Achilles by Elizabeth Cook

 Achilles by Elizabeth Cook - good

Begins with Odysseus visiting the underworld - then Chiron advising Peleus how to mate with Thetis, the sea nymph. She turns to fire, then water, then a lion, then snake, then cuttlefish - releases sticky balck ink. Then woman. 

Achilles is taught by Chiron, he has the red haro of a fox, then sent to live as a girl, Pyrrha, amongst girls. Mates with Deidamia. Odysseus finds him with a trick and takes him to Troy. Agamemnon tricks Iphanigia. Patroclus. The Scamander incident.  Athene as ‘grey-eyed brainchild’ of Zeus. Briseis: She creeps around like an unowned kitten, fending for herself as best she can. Penthesilea. Following Polyxena into Apollo's temple. Cutting hair as a funeral contribution. The wailing of Thetis and the sea nymphs.
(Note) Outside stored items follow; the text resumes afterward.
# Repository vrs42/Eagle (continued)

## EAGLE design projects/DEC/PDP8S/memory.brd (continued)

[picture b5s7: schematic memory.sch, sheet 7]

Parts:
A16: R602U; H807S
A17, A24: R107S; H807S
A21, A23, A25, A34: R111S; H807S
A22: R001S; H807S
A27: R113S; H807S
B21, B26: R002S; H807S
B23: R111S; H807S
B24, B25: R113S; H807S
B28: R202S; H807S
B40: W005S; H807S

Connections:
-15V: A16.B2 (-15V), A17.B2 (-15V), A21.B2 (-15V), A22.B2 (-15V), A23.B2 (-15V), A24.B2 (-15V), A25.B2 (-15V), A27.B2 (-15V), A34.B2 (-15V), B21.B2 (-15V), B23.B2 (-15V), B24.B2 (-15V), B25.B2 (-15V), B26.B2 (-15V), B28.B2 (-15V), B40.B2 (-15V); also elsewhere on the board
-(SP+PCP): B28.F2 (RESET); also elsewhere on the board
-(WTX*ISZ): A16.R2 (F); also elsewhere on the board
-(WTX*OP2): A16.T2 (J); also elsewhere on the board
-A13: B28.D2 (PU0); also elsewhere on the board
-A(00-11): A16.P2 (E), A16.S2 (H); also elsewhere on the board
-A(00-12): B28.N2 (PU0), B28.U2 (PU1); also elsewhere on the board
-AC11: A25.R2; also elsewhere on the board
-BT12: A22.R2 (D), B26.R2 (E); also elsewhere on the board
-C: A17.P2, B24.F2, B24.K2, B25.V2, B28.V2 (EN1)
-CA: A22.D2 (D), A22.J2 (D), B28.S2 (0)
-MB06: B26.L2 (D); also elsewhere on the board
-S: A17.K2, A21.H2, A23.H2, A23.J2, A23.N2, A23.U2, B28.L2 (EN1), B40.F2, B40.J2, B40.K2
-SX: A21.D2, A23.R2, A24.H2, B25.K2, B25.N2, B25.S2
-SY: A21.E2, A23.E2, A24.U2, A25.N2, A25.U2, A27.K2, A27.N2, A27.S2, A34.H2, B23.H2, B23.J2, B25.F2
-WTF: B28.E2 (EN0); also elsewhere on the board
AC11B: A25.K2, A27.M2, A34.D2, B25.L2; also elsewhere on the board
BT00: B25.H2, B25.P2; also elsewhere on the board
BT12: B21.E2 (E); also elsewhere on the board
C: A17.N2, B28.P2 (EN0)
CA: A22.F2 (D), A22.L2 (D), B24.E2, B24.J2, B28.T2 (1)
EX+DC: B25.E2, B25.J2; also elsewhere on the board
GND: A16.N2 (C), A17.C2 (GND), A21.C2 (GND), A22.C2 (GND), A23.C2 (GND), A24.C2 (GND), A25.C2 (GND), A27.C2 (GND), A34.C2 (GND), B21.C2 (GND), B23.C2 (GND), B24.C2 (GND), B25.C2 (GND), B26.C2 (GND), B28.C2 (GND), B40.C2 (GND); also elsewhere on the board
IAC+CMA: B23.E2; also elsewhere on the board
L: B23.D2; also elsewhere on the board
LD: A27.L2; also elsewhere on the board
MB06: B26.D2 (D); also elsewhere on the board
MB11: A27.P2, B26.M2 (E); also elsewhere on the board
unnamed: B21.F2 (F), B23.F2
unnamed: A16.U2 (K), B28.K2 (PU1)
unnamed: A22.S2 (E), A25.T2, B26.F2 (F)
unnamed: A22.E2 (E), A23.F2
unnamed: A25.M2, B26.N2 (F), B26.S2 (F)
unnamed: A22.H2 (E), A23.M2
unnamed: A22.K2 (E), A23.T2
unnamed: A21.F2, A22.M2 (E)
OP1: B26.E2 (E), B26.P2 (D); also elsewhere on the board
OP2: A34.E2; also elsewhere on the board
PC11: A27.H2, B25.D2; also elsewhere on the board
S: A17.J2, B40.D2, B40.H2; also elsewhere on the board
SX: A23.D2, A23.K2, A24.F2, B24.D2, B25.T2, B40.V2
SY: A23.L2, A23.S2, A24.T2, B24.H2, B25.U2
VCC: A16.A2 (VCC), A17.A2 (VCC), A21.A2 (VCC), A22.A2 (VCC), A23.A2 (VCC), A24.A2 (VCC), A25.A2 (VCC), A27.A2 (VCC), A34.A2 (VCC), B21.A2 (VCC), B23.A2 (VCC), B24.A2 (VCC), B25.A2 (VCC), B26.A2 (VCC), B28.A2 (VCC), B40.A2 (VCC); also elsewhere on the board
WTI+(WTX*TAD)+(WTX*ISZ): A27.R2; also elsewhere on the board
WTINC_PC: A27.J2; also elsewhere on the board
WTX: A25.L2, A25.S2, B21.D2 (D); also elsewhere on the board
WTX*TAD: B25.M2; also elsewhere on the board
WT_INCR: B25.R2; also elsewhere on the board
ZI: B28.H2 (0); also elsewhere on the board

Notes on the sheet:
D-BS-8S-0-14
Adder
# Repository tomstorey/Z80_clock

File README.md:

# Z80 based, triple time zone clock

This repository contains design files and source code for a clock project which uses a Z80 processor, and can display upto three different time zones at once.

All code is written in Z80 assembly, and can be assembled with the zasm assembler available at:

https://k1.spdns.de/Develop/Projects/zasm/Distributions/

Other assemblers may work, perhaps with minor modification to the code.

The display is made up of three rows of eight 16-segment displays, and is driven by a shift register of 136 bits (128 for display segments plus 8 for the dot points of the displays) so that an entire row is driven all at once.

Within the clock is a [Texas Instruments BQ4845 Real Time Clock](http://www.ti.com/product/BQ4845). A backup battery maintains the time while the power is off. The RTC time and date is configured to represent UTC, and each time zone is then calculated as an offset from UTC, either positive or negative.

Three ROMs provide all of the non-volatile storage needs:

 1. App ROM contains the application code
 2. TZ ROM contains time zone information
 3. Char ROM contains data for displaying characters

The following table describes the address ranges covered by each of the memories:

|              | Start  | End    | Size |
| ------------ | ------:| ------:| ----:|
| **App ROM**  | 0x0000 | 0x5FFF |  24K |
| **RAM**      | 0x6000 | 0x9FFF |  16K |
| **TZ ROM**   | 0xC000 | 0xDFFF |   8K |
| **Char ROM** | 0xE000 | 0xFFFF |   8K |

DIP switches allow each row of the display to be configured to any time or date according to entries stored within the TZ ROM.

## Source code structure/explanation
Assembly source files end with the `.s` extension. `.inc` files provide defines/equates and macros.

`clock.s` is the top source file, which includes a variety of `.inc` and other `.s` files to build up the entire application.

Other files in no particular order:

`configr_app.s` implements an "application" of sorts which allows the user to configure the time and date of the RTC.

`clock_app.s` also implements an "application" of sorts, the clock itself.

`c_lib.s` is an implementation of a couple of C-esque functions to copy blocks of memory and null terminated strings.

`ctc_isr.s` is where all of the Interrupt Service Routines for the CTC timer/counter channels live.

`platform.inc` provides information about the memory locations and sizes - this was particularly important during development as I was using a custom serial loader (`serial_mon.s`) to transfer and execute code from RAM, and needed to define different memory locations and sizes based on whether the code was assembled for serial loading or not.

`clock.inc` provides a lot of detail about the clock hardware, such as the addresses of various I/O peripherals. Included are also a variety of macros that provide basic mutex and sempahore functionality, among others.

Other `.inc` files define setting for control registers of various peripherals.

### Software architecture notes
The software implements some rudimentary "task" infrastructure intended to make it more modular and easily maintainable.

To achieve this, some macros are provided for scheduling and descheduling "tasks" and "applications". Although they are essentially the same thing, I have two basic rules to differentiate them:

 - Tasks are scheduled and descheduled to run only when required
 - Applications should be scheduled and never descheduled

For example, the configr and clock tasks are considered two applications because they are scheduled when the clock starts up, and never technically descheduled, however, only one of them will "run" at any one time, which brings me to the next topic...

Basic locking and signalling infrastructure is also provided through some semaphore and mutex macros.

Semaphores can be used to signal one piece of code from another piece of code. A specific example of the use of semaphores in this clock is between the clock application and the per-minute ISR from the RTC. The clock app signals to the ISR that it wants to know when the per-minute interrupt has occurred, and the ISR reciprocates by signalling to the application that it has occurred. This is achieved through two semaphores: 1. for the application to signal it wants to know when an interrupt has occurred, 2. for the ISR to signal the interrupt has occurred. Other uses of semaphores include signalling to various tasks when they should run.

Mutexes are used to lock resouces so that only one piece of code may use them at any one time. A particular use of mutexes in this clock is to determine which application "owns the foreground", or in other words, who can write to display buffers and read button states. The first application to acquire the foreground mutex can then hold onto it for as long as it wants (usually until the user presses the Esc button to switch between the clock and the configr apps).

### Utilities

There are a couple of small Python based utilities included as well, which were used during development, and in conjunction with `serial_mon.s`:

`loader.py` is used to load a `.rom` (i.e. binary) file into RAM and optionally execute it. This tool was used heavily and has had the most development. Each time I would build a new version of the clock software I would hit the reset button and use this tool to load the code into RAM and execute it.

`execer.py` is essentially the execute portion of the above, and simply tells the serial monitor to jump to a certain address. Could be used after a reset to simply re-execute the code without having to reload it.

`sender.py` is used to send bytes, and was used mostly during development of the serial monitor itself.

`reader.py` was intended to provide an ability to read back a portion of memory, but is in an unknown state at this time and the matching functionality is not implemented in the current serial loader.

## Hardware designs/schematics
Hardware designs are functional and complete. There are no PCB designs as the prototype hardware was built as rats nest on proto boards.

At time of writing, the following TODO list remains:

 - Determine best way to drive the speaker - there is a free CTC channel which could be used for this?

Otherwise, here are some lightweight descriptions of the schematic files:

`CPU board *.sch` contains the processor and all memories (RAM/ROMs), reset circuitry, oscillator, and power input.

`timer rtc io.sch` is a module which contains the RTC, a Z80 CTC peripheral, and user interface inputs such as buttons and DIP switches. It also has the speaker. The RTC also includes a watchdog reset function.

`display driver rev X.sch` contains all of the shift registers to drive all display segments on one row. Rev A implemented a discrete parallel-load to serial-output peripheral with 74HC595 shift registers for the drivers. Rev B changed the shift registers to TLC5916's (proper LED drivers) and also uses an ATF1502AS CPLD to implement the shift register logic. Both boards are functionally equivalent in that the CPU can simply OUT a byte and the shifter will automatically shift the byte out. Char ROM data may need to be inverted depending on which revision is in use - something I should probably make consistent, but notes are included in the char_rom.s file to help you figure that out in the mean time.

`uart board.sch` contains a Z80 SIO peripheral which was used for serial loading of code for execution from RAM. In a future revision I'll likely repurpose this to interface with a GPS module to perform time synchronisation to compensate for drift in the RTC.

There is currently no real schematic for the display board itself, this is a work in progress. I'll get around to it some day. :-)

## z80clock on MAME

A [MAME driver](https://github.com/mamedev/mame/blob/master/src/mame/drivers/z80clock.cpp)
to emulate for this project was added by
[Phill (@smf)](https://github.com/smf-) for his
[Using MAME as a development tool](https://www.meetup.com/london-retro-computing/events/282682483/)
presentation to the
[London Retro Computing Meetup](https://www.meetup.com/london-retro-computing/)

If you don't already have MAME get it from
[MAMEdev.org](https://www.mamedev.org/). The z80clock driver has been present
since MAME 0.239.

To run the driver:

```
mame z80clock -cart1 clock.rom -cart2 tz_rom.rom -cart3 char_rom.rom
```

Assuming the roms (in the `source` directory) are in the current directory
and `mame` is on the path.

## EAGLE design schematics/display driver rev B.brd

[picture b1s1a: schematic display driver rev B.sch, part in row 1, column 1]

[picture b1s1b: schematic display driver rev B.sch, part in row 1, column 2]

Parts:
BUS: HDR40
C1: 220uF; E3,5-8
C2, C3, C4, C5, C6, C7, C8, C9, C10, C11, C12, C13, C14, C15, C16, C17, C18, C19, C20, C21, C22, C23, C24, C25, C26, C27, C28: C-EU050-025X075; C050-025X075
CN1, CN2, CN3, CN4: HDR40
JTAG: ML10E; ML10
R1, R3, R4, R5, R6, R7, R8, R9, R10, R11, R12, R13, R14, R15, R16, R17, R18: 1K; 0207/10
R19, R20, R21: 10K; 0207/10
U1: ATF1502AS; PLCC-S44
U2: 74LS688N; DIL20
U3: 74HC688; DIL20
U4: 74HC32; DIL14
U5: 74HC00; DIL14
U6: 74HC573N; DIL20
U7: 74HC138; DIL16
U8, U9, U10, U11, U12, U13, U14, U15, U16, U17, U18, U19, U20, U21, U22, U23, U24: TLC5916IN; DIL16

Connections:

P 64 ‘The sound is the sound that would happen if every fish in a silver shoal had its own fine note. An intricacy of sound, a close-stitched cloth. Each fish a needle darting over and under, under and over, till the cloth is tight. Each needle a note, taking its place in the vast canopy of sound that spreads itself out over their heads. This plant, seam-free cloth of shot silk which encloses them unfurls, interposing itself between them and the sky’  

‘As they arrive on the beach the song thickens. Soon they are all here: Thetis, her sisters, and those nine daughters of Zues and mnemosyne, the Muses. They stand together on the shore and sing and their song burns in the veins of all who hear it. It is stronger than unmixed wine.’

Helen - as child - alone in egg, brothers twin in another egg. Thesus rapes her at ten. First of  a series of men trying to mark her. ‘I am the loneliest person on earth’  

Chiron made the ash spear from a tree he nurtured. ‘When he saw that it was ready he took an axe (whose handles he’d made from an ancestor of the ther tree) and felled it. ‘Making the bow form animal sinew. The best tendon is the Achilles. 

RELAY: Keats - red headed, on heath finds a lock of red hair. Takes it home. 

P104 The most intimate continuity between cell and cell. The part that’s born has touched the part that dies and the dying body is parent to the living....

Like a relay. The baton passed from hand to hand. 

Or like a chain of fire. The beacons proclaiming that Tory has fallen - the news carried from high point to high point, swift as thought, till it reaches the heart of Achaea and the remotest islands; till Clytemnestra knows, and Penelope, and Peleus. 

If continuity between cell and cell, between my hand now and my hand then, so also between man and man. This hand that clasped your hand that clasped his hand and so on. As if the warmth in my veins were passed back to run in his who lived so long ago.

My father, me thinkes I see my father.   

Is it the same song - though sung by another nightingale - that I hear now as Ruth heard, sick for home? Different lungs and larynxes to be sure. Different ears too. But is there enough the same?

A game of Chinese whispers. A hot word thrown into the next lap before it burns. It has not been allowed to set.. Each hand that momentarily holds it, weighs it, before depositing it with a neighbour also, inadvertently, moulds it, communicates its own heat. 

From cheep to chirp.

From woof to warp. 

The relics of a saint are not moved by those acquisitive of their virtues. They are translated: carried across. A chain of hands across the waters, across the mountains, across time. Conveying the precious changed and changing thing.

...  

Keats read Patrolcus’ funeral. Achilles cuts his hair.